# Drilling out a 36 - 12 to a 36 -10



## Land O' Aches (Aug 25, 2012)

Comrades:

As a new owner of a NOS Morrow / Eclipse 36 - 12 front hub, I've grown tired of trying to find a 36 - 10 for my Columbia. 

Yeah, I'm thinking about drilling it out. Have you done this? Did it work? What drill bit did you use? How many drill bits did you break during the process? 

And, most importantly, will the bicycle gods be offended?

Lando
charleslukey@gmail.com


----------



## Bozman (Aug 25, 2012)

Lando,

When you drill it out you need carbide bits and drill them very slowly! You will probably break a drill bit every 2-4 holes you drill so buy them in bulk. I did this on my 1946 compax Travelor. Some folks drill in reverse and it just grinds out the hole. 

Good Luck Brother!


----------



## SteveBarber (Sep 4, 2012)

*drilling out spokes*

I used my Makita cordless drill in the slow mode.  I also set the drill's clucth so that if and when the bit "caught" it would not break the bit (high quality USA high speed steel bits).  I also used a few (can't remember how many) different size bits to slowly enlarge the holes.  I got lucky and didn't break any bits using this method.  I then took a conical carbide Dremel bit and chamfered both sides of the holes a little bit.  This helped the knob or whatever you call it on the end of the spoke to fit inside the larger hole better.

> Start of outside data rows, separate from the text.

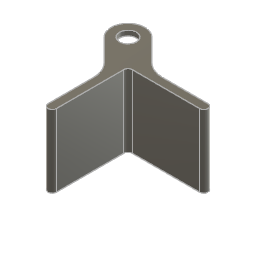
Culture Retainer v2 (Autodesk Fusion 360 design; units mm, degrees)
Autodesk Fusion 360 part; units mm, degrees
note: some values were not read from the file. Set by a fixed rule: which sketch regions a step uses.
sketch "Sketch1" plane through (0, 0, 0) normal (0, 1, 0) x (1, 0, 0)
  circle A0 centre (0, 0) radius 2
  line L0 (0, 0) -> (4.2, -4.2) construction
  line L1 (4.2, -4.2) -> (24.2, -4.2)
  line L2 (24.2, -4.2) -> (24.2, -6.2)
  line L3 (24.2, -6.2) -> (4.2, -6.2)
  line L4 (4.2, -6.2) -> (4.2, -4.2)
  line L5 (4.2, -4.2) -> (6.2, -4.2)
  line L6 (6.2, -4.2) -> (6.2, -24.2)
  line L7 (6.2, -24.2) -> (4.2, -24.2)
  line L8 (4.2, -24.2) -> (4.2, -4.2)
  line L9 (4.2, -9.8569) -> (-5.6569, 0)
  line L10 (-5.6569, 0) -> (0, 5.6569)
  line L11 (0, 5.6569) -> (9.8569, -4.2)
  line L12 (0, 0) -> (-2.8284, 2.8284)
  dimension "d1" = 4
  dimension "d2" = 4.2
  dimension "d3" = 4.2
  dimension "d4" = 2
  dimension "d5" = 20
  dimension "d6" = 135
  dimension "d7" = 4
  dimension "d8" = 8
  constraint coincident A0.centre L0.start
  constraint horizontal L1
  constraint vertical L2
  constraint horizontal L3
  constraint vertical L4
  constraint horizontal L5
  constraint vertical L6
  constraint horizontal L7
  constraint vertical L8
  constraint equal L2 L7
  constraint equal L1 L6
  constraint coincident L8 L9.start
  constraint perpendicular L9 L10
  constraint coincident L1 L11.end
  constraint perpendicular L10 L11
  constraint perpendicular L10 L12
  constraint midpoint L10 L12.end
  measures "d1" diameter of A0
  measures "d2" horizontal distance of A0.centre L0.end
  measures "d3" vertical distance of A0.centre L0.end
  measures "d4" distance of L1.end L2.end
  measures "d5" distance of L0.end L1.end
  measures "d6" angle of L1 L11
  measures "d7" distance of A0.centre L12.end
  measures "d8" distance of L9.end L10.end
extrude "Extrude1" add sketch "Sketch1" along normal blind 1.2
fillet "Fillet1" radius 1 5 edges at (6.2, 0.6, 6.2) (6.2, 0.6, 24.2) (4.2, 0.6, 24.2) (24.2, 0.6, 6.2) (24.2, 0.6, 4.2)
fillet "Fillet2" radius 4 2 edges at (-5.6569, 0.6, 0) (0, 0.6, -5.6569)
fillet "Fillet3" radius 6 2 edges at (4.2, 0.6, 9.8569) (9.8569, 0.6, 4.2)
sketch "Sketch2" plane through (0, 0, 0) normal (0, -1, 0) x (1, 0, 0)
  arc A0 (-2.8284, 2.8284) -> (2.8284, -2.8284) centre (0, 0) ccw
  line L0 (2.8284, -2.8284) -> (8.0995, 2.4426)
  arc A1 (12.3421, 4.2) -> (8.0995, 2.4426) centre (12.3421, -1.8) ccw
  line L1 (12.3421, 4.2) -> (23.2, 4.2)
  arc A2 (23.2, 4.2) -> (23.2, 6.2) centre (23.2, 5.2) ccw
  line L2 (23.2, 6.2) -> (7.2, 6.2)
  arc A3 (6.2, 7.2) -> (7.2, 6.2) centre (7.2, 7.2) ccw
  line L3 (6.2, 7.2) -> (6.2, 23.2)
  arc A4 (6.2, 23.2) -> (4.2, 23.2) centre (5.2, 23.2) ccw
  line L4 (4.2, 23.2) -> (4.2, 12.3421)
  arc A5 (2.4426, 8.0995) -> (4.2, 12.3421) centre (-1.8, 12.3421) ccw
  line L5 (2.4426, 8.0995) -> (-2.8284, 2.8284)
  circle A6 centre (0, 0) radius 2
  line L6 (4.2, 23.2) -> (4.2, 4.2)
  line L7 (4.2, 4.2) -> (23.2, 4.2)
  constraint coincident A4.end L4.start
  constraint coincident L1.end A2.start
  constraint perpendicular L6 L7
  constraint equal L6 L7
extrude "Extrude2" add sketch "Sketch2" along normal blind 16 contours L1 A2 L2 A3 L3 A4 L4 L6 L7
fillet "Fillet4" radius 2 1 edges at (4.2, -8, 4.2)
equation "d6 = 180 deg - 45 deg"

May the bicycle gods be merciful on our souls .

-Steve


----------



## jpromo (Sep 4, 2012)

You were looking for a blackout 36-10 weren't you? I just came across an earlier 36-10 I'd probably sell. 1932 dated if you were interested.


----------



## bricycle (Sep 4, 2012)

I tried carbide, titanium...everything I could find. Best was using small Dremel cone stones, only went through 5-6 of those on a New Departure rear (super hard material there!!!) Phew!!!


----------